[Excerpts from a dataset]
####################
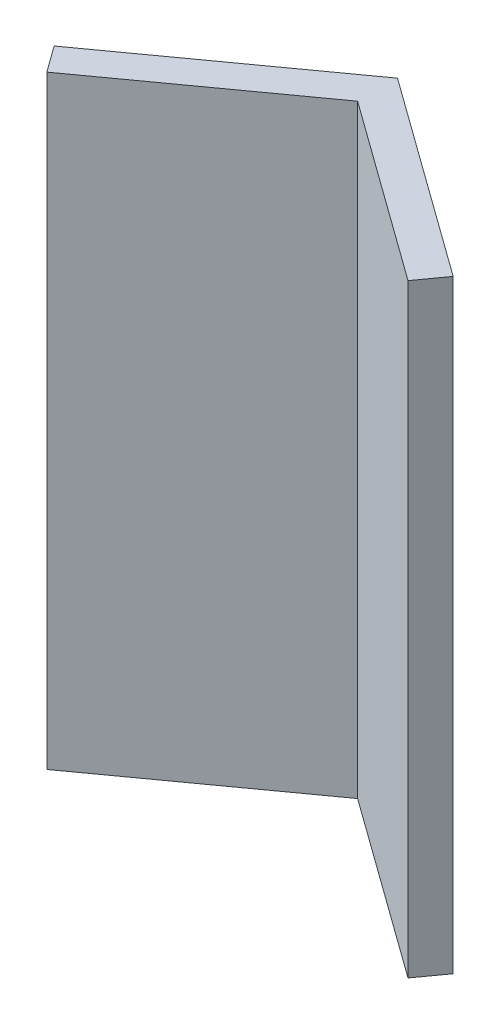
ISO-10303-21;
HEADER;
FILE_DESCRIPTION(('STEP AP214'),'2;1');
FILE_NAME('part.step','',(''),(''),'','','');
FILE_SCHEMA(('AUTOMOTIVE_DESIGN { 1 0 10303 214 1 1 1 1 }'));
ENDSEC;
DATA;
#1=APPLICATION_CONTEXT('core data for automotive mechanical design processes');
#2=APPLICATION_PROTOCOL_DEFINITION('international standard','automotive_design',2000,#1);
#3=PRODUCT_CONTEXT('',#1,'mechanical');
#4=PRODUCT('Part','Part','',(#3));
#5=PRODUCT_RELATED_PRODUCT_CATEGORY('part','',(#4));
#6=PRODUCT_DEFINITION_FORMATION('','',#4);
#7=PRODUCT_DEFINITION_CONTEXT('part definition',#1,'design');
#8=PRODUCT_DEFINITION('design','',#6,#7);
#9=PRODUCT_DEFINITION_SHAPE('','',#8);
#10=(LENGTH_UNIT() NAMED_UNIT(*) SI_UNIT(.MILLI.,.METRE.));
#11=(NAMED_UNIT(*) PLANE_ANGLE_UNIT() SI_UNIT($,.RADIAN.));
#12=(NAMED_UNIT(*) SI_UNIT($,.STERADIAN.) SOLID_ANGLE_UNIT());
#13=UNCERTAINTY_MEASURE_WITH_UNIT(LENGTH_MEASURE(1.E-05),#10,'distance_accuracy_value','');
#14=(GEOMETRIC_REPRESENTATION_CONTEXT(3) GLOBAL_UNCERTAINTY_ASSIGNED_CONTEXT((#13)) GLOBAL_UNIT_ASSIGNED_CONTEXT((#10,
#11,#12)) REPRESENTATION_CONTEXT('',''));
#15=CARTESIAN_POINT('',(0.,0.,0.));
#16=DIRECTION('',(0.,0.,1.));
#17=DIRECTION('',(1.,0.,0.));
#18=AXIS2_PLACEMENT_3D('',#15,#16,#17);
#19=CARTESIAN_POINT('',(33.3006662701754,18.9537375855651,160.949579943678));
#20=DIRECTION('',(0.584774228030169,0.,-0.811196093575234));
#21=DIRECTION('',(-0.811196093575234,0.,-0.584774228030169));
#22=AXIS2_PLACEMENT_3D('',#19,#20,#21);
#23=PLANE('',#22);
#24=DIRECTION('',(0.,1.,0.));
#25=VECTOR('',#24,1.);
#26=CARTESIAN_POINT('',(14.8006662701754,18.9537375855651,147.613318459876));
#27=LINE('',#26,#25);
#28=CARTESIAN_POINT('',(14.8006662701754,18.9537375855651,147.613318459876));
#29=VERTEX_POINT('',#28);
#30=CARTESIAN_POINT('',(14.8006662701754,74.9537375855651,147.613318459876));
#31=VERTEX_POINT('',#30);
#32=EDGE_CURVE('E37',#29,#31,#27,.T.);
#33=ORIENTED_EDGE('',*,*,#32,.T.);
#34=DIRECTION('',(-0.811196093575234,0.,-0.584774228030169));
#35=VECTOR('',#34,1.);
#36=CARTESIAN_POINT('',(33.3006662701754,74.9537375855651,160.949579943678));
#37=LINE('',#36,#35);
#38=CARTESIAN_POINT('',(33.3006662701754,74.9537375855651,160.949579943678));
#39=VERTEX_POINT('',#38);
#40=EDGE_CURVE('E86',#39,#31,#37,.T.);
#41=ORIENTED_EDGE('',*,*,#40,.F.);
#42=DIRECTION('',(0.,1.,0.));
#43=VECTOR('',#42,1.);
#44=CARTESIAN_POINT('',(33.3006662701754,18.9537375855651,160.949579943678));
#45=LINE('',#44,#43);
#46=CARTESIAN_POINT('',(33.3006662701754,18.9537375855651,160.949579943678));
#47=VERTEX_POINT('',#46);
#48=EDGE_CURVE('E11',#47,#39,#45,.T.);
#49=ORIENTED_EDGE('',*,*,#48,.F.);
#50=DIRECTION('',(-0.811196093575234,0.,-0.584774228030169));
#51=VECTOR('',#50,1.);
#52=CARTESIAN_POINT('',(33.3006662701754,18.9537375855651,160.949579943678));
#53=LINE('',#52,#51);
#54=EDGE_CURVE('E87',#47,#29,#53,.T.);
#55=ORIENTED_EDGE('',*,*,#54,.T.);
#56=EDGE_LOOP('',(#33,#41,#49,#55));
#57=FACE_BOUND('',#56,.T.);
#58=ADVANCED_FACE('F34',(#57),#23,.T.);
#59=CARTESIAN_POINT('',(31.5463435860849,18.9537375855651,163.383168224404));
#60=DIRECTION('',(0.811196093575223,0.,0.584774228030184));
#61=DIRECTION('',(0.584774228030184,0.,-0.811196093575223));
#62=AXIS2_PLACEMENT_3D('',#59,#60,#61);
#63=PLANE('',#62);
#64=ORIENTED_EDGE('',*,*,#48,.T.);
#65=DIRECTION('',(0.584774228030184,0.,-0.811196093575223));
#66=VECTOR('',#65,1.);
#67=CARTESIAN_POINT('',(31.5463435860849,74.9537375855651,163.383168224404));
#68=LINE('',#67,#66);
#69=CARTESIAN_POINT('',(31.5463435860849,74.9537375855651,163.383168224404));
#70=VERTEX_POINT('',#69);
#71=EDGE_CURVE('E104',#70,#39,#68,.T.);
#72=ORIENTED_EDGE('',*,*,#71,.F.);
#73=DIRECTION('',(0.,1.,0.));
#74=VECTOR('',#73,1.);
#75=CARTESIAN_POINT('',(31.5463435860849,18.9537375855651,163.383168224404));
#76=LINE('',#75,#74);
#77=CARTESIAN_POINT('',(31.5463435860849,18.9537375855651,163.383168224404));
#78=VERTEX_POINT('',#77);
#79=EDGE_CURVE('E42',#78,#70,#76,.T.);
#80=ORIENTED_EDGE('',*,*,#79,.F.);
#81=DIRECTION('',(0.584774228030184,0.,-0.811196093575223));
#82=VECTOR('',#81,1.);
#83=CARTESIAN_POINT('',(31.5463435860849,18.9537375855651,163.383168224404));
#84=LINE('',#83,#82);
#85=EDGE_CURVE('E92',#78,#47,#84,.T.);
#86=ORIENTED_EDGE('',*,*,#85,.T.);
#87=EDGE_LOOP('',(#64,#72,#80,#86));
#88=FACE_BOUND('',#87,.T.);
#89=ADVANCED_FACE('F144',(#88),#63,.T.);
#90=CARTESIAN_POINT('',(14.8006662701754,18.9537375855651,151.31156112125));
#91=DIRECTION('',(-0.584774228030171,0.,0.811196093575233));
#92=DIRECTION('',(0.811196093575233,0.,0.584774228030171));
#93=AXIS2_PLACEMENT_3D('',#90,#91,#92);
#94=PLANE('',#93);
#95=ORIENTED_EDGE('',*,*,#79,.T.);
#96=DIRECTION('',(0.811196093575233,0.,0.584774228030171));
#97=VECTOR('',#96,1.);
#98=CARTESIAN_POINT('',(14.8006662701754,74.9537375855651,151.31156112125));
#99=LINE('',#98,#97);
#100=CARTESIAN_POINT('',(14.8006662701754,74.9537375855651,151.31156112125));
#101=VERTEX_POINT('',#100);
#102=EDGE_CURVE('E111',#101,#70,#99,.T.);
#103=ORIENTED_EDGE('',*,*,#102,.F.);
#104=DIRECTION('',(0.,1.,0.));
#105=VECTOR('',#104,1.);
#106=CARTESIAN_POINT('',(14.8006662701754,18.9537375855651,151.31156112125));
#107=LINE('',#106,#105);
#108=CARTESIAN_POINT('',(14.8006662701754,18.9537375855651,151.31156112125));
#109=VERTEX_POINT('',#108);
#110=EDGE_CURVE('E127',#109,#101,#107,.T.);
#111=ORIENTED_EDGE('',*,*,#110,.F.);
#112=DIRECTION('',(0.811196093575233,0.,0.584774228030171));
#113=VECTOR('',#112,1.);
#114=CARTESIAN_POINT('',(14.8006662701754,18.9537375855651,151.31156112125));
#115=LINE('',#114,#113);
#116=EDGE_CURVE('E123',#109,#78,#115,.T.);
#117=ORIENTED_EDGE('',*,*,#116,.T.);
#118=EDGE_LOOP('',(#95,#103,#111,#117));
#119=FACE_BOUND('',#118,.T.);
#120=ADVANCED_FACE('F140',(#119),#94,.T.);
#121=CARTESIAN_POINT('',(-1.94501104573404,18.9537375855651,163.383168224404));
#122=DIRECTION('',(0.58477422803017,0.,0.811196093575233));
#123=DIRECTION('',(0.811196093575233,0.,-0.58477422803017));
#124=AXIS2_PLACEMENT_3D('',#121,#122,#123);
#125=PLANE('',#124);
#126=ORIENTED_EDGE('',*,*,#110,.T.);
#127=DIRECTION('',(0.811196093575233,0.,-0.58477422803017));
#128=VECTOR('',#127,1.);
#129=CARTESIAN_POINT('',(-1.94501104573404,74.9537375855651,163.383168224404));
#130=LINE('',#129,#128);
#131=CARTESIAN_POINT('',(-1.94501104573404,74.9537375855651,163.383168224404));
#132=VERTEX_POINT('',#131);
#133=EDGE_CURVE('E108',#132,#101,#130,.T.);
#134=ORIENTED_EDGE('',*,*,#133,.F.);
#135=DIRECTION('',(0.,1.,0.));
#136=VECTOR('',#135,1.);
#137=CARTESIAN_POINT('',(-1.94501104573404,18.9537375855651,163.383168224404));
#138=LINE('',#137,#136);
#139=CARTESIAN_POINT('',(-1.94501104573404,18.9537375855651,163.383168224404));
#140=VERTEX_POINT('',#139);
#141=EDGE_CURVE('E129',#140,#132,#138,.T.);
#142=ORIENTED_EDGE('',*,*,#141,.F.);
#143=DIRECTION('',(0.811196093575233,0.,-0.58477422803017));
#144=VECTOR('',#143,1.);
#145=CARTESIAN_POINT('',(-1.94501104573404,18.9537375855651,163.383168224404));
#146=LINE('',#145,#144);
#147=EDGE_CURVE('E120',#140,#109,#146,.T.);
#148=ORIENTED_EDGE('',*,*,#147,.T.);
#149=EDGE_LOOP('',(#126,#134,#142,#148));
#150=FACE_BOUND('',#149,.T.);
#151=ADVANCED_FACE('F137',(#150),#125,.T.);
#152=CARTESIAN_POINT('',(-3.69933372982456,18.9537375855651,160.949579943678));
#153=DIRECTION('',(-0.811196093575232,0.,0.584774228030172));
#154=DIRECTION('',(0.584774228030172,0.,0.811196093575232));
#155=AXIS2_PLACEMENT_3D('',#152,#153,#154);
#156=PLANE('',#155);
#157=ORIENTED_EDGE('',*,*,#141,.T.);
#158=DIRECTION('',(0.584774228030172,0.,0.811196093575232));
#159=VECTOR('',#158,1.);
#160=CARTESIAN_POINT('',(-3.69933372982456,74.9537375855651,160.949579943678));
#161=LINE('',#160,#159);
#162=CARTESIAN_POINT('',(-3.69933372982456,74.9537375855651,160.949579943678));
#163=VERTEX_POINT('',#162);
#164=EDGE_CURVE('E99',#163,#132,#161,.T.);
#165=ORIENTED_EDGE('',*,*,#164,.F.);
#166=DIRECTION('',(0.,1.,0.));
#167=VECTOR('',#166,1.);
#168=CARTESIAN_POINT('',(-3.69933372982456,18.9537375855651,160.949579943678));
#169=LINE('',#168,#167);
#170=CARTESIAN_POINT('',(-3.69933372982456,18.9537375855651,160.949579943678));
#171=VERTEX_POINT('',#170);
#172=EDGE_CURVE('E91',#171,#163,#169,.T.);
#173=ORIENTED_EDGE('',*,*,#172,.F.);
#174=DIRECTION('',(0.584774228030172,0.,0.811196093575232));
#175=VECTOR('',#174,1.);
#176=CARTESIAN_POINT('',(-3.69933372982456,18.9537375855651,160.949579943678));
#177=LINE('',#176,#175);
#178=EDGE_CURVE('E117',#171,#140,#177,.T.);
#179=ORIENTED_EDGE('',*,*,#178,.T.);
#180=EDGE_LOOP('',(#157,#165,#173,#179));
#181=FACE_BOUND('',#180,.T.);
#182=ADVANCED_FACE('F131',(#181),#156,.T.);
#183=CARTESIAN_POINT('',(14.8006662701754,18.9537375855651,147.613318459876));
#184=DIRECTION('',(-0.58477422803017,0.,-0.811196093575234));
#185=DIRECTION('',(-0.811196093575234,0.,0.58477422803017));
#186=AXIS2_PLACEMENT_3D('',#183,#184,#185);
#187=PLANE('',#186);
#188=ORIENTED_EDGE('',*,*,#172,.T.);
#189=DIRECTION('',(-0.811196093575234,0.,0.58477422803017));
#190=VECTOR('',#189,1.);
#191=CARTESIAN_POINT('',(14.8006662701754,74.9537375855651,147.613318459876));
#192=LINE('',#191,#190);
#193=EDGE_CURVE('E94',#31,#163,#192,.T.);
#194=ORIENTED_EDGE('',*,*,#193,.F.);
#195=ORIENTED_EDGE('',*,*,#32,.F.);
#196=DIRECTION('',(-0.811196093575234,0.,0.58477422803017));
#197=VECTOR('',#196,1.);
#198=CARTESIAN_POINT('',(14.8006662701754,18.9537375855651,147.613318459876));
#199=LINE('',#198,#197);
#200=EDGE_CURVE('E115',#29,#171,#199,.T.);
#201=ORIENTED_EDGE('',*,*,#200,.T.);
#202=EDGE_LOOP('',(#188,#194,#195,#201));
#203=FACE_BOUND('',#202,.T.);
#204=ADVANCED_FACE('F95',(#203),#187,.T.);
#205=CARTESIAN_POINT('',(0.,18.9537375855651,0.));
#206=DIRECTION('',(0.,-1.,0.));
#207=DIRECTION('',(0.,0.,-1.));
#208=AXIS2_PLACEMENT_3D('',#205,#206,#207);
#209=PLANE('',#208);
#210=ORIENTED_EDGE('',*,*,#54,.F.);
#211=ORIENTED_EDGE('',*,*,#85,.F.);
#212=ORIENTED_EDGE('',*,*,#116,.F.);
#213=ORIENTED_EDGE('',*,*,#147,.F.);
#214=ORIENTED_EDGE('',*,*,#178,.F.);
#215=ORIENTED_EDGE('',*,*,#200,.F.);
#216=EDGE_LOOP('',(#210,#211,#212,#213,#214,#215));
#217=FACE_BOUND('',#216,.T.);
#218=ADVANCED_FACE('F143',(#217),#209,.T.);
#219=CARTESIAN_POINT('',(0.,74.9537375855651,0.));
#220=DIRECTION('',(0.,-1.,0.));
#221=DIRECTION('',(0.,0.,-1.));
#222=AXIS2_PLACEMENT_3D('',#219,#220,#221);
#223=PLANE('',#222);
#224=ORIENTED_EDGE('',*,*,#40,.T.);
#225=ORIENTED_EDGE('',*,*,#193,.T.);
#226=ORIENTED_EDGE('',*,*,#164,.T.);
#227=ORIENTED_EDGE('',*,*,#133,.T.);
#228=ORIENTED_EDGE('',*,*,#102,.T.);
#229=ORIENTED_EDGE('',*,*,#71,.T.);
#230=EDGE_LOOP('',(#224,#225,#226,#227,#228,#229));
#231=FACE_BOUND('',#230,.T.);
#232=ADVANCED_FACE('F102',(#231),#223,.F.);
#233=CLOSED_SHELL('',(#58,#89,#120,#151,#182,#204,#218,#232));
#234=MANIFOLD_SOLID_BREP('B2',#233);
#235=ADVANCED_BREP_SHAPE_REPRESENTATION('',(#18,#234),#14);
#236=SHAPE_DEFINITION_REPRESENTATION(#9,#235);
ENDSEC;
END-ISO-10303-21;
####################
• EXERCISE INSTRUCTIONS: Copy, word for word, the entries above from the first line to the line that holds "#5=PRODUCT_RELATED_PRODUCT_CATEGORY('part','',(#4));". Drop the pictures.

• RESULT:
ISO-10303-21;
HEADER;
FILE_DESCRIPTION(('STEP AP214'),'2;1');
FILE_NAME('part.step','',(''),(''),'','','');
FILE_SCHEMA(('AUTOMOTIVE_DESIGN { 1 0 10303 214 1 1 1 1 }'));
ENDSEC;
DATA;
#1=APPLICATION_CONTEXT('core data for automotive mechanical design processes');
#2=APPLICATION_PROTOCOL_DEFINITION('international standard','automotive_design',2000,#1);
#3=PRODUCT_CONTEXT('',#1,'mechanical');
#4=PRODUCT('Part','Part','',(#3));
#5=PRODUCT_RELATED_PRODUCT_CATEGORY('part','',(#4));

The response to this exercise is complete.